Schoenman v. Federal Bureau of Investigation
764 F. Supp. 2d 40
D.D.C.2011Background
- Schoenman, a political activist, sues the CIA under FOIA and the Privacy Act seeking records about himself.
- Court previously granted-partially summary judgment for CIA and denied part of Schoenman’s cross-motion, with a discrete issue about the CIA’s search for MSO and DO records.
- IMS directed searches to MSO and MSO/OS, treating other CIA units as unlikely to hold responsive records for Schoenman.
- Schoenman sought all index references; CIA did not produce them, prompting court instruction to explain failure.
- After supplemental submissions, court finds CIA’s searches of MSO and DO reasonably calculated to locate responsive records.
- Court grants CIA’s summary judgment on the MSO/DO search issue, denies Schoenman’s cross-motion, and rejects discovery requests.
Issues
| Issue | Plaintiff's Argument | Defendant's Argument | Held |
|---|---|---|---|
| Was the MSO search reasonable? | Schoenman contends MSO search was inadequate. | CIA conducted informed, good-faith search of MSO databases. | Yes; search reasonable. |
| Was the DO search reasonable? | Schoenman argues DO search was insufficient. | DO search was reasonably calculated to uncover responsive records. | Yes; search reasonable. |
| Does failure to produce index references undermine adequacy? | Lack of index references undermines search adequacy. | FOIA does not require index documentation; other detailed declarations suffice. | No; not undermining; index refs not required. |
| Should Schoenman be entitled to discovery? | Discovery needed to challenge search. | Declarations are sufficiently detailed; discovery unnecessary. | Denied. |
| Were belated supplemental materials meritorious? | New materials show CIA search flaws. | New materials do not raise substantial doubt; reliance on declarations remains. | Rejected; no material change in result. |
Key Cases Cited
- Perry v. Block, 684 F.2d 121 (D.C.Cir. 1982) (affidavits detailing search scope suffice for FOIA compliance)
- Iturralde v.
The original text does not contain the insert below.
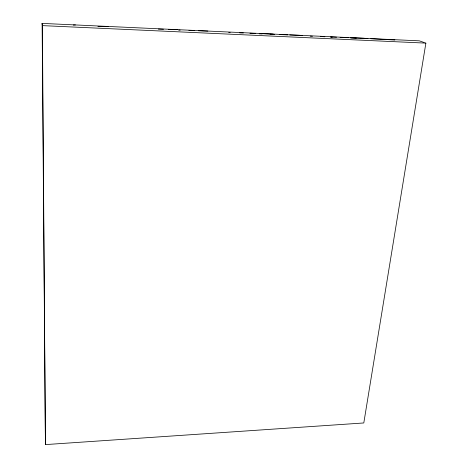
<?xml version="1.0" encoding="UTF-8"?>
<svg xmlns="http://www.w3.org/2000/svg" width="468" height="468" viewBox="0 0 468 468"><rect width="100%" height="100%" fill="white"/><g stroke="black" fill="none" stroke-linecap="round" stroke-linejoin="round"><path stroke-width="0.7" d="M425.88 43.12L363.8 422.961L45.419 444.6L42.12 23.4L419.34 40.839L425.88 43.12L42.395 25.623L42.12 23.4L42.43 24.816M73.295 25.05L75.43 24.939M97.923 26.389L108.143 26.454M158.359 29.11L163.467 29.256M168.568 29.402L177.314 29.648M178.712 30.133L180.168 30.18M188.914 30.455L194.741 30.642M198.385 30.759L207.856 31.063M228.741 32.479L230.203 32.532M239.698 32.871L243.354 33.006M249.93 33.24L255.774 33.45M259.424 33.585L273.306 34.088M259.173 33.819L262.092 33.924M270.118 34.228L274.5 34.392M279.607 34.579L287.633 34.878M289.821 34.96L302.229 35.422M310.255 36.182L312.443 36.264M320.469 36.58L324.85 36.75M330.689 36.978L336.521 37.206M340.172 37.352L348.198 37.662M351.117 37.779L364.256 38.288M330.718 37.142L332.181 37.2M340.207 37.522L343.857 37.662M350.427 37.926L356.265 38.154M360.641 38.329L367.942 38.616M370.861 38.733L394.869 40.014M42.395 25.623L45.419 444.6"/></g></svg>

Comptroller of Currency, 315 F.3d 311 (D.C.Cir. 2003) (reasonableness standard; fruits of search not controlling)
- Weisberg v. U.S. Department of Justice, 705 F.2d 1344 (D.C.Cir. 1983) (adequacy hinges on reasonable search methods)
- Oglesby v. U.S. Dept. of Army, 920 F.2d 57 (D.C.Cir. 1990) (search only record systems likely to contain responsive documents)
- Steinberg v. U.S. Dep't of Justice, 23 F.3d 548 (D.C.Cir. 1994) (what records were searched, by whom, and through what process)
- Budik v. Dep't of Army, 742 F. Supp. 2d 20 (D.D.C. 2010) (perfection not required; good-faith, reasonable search)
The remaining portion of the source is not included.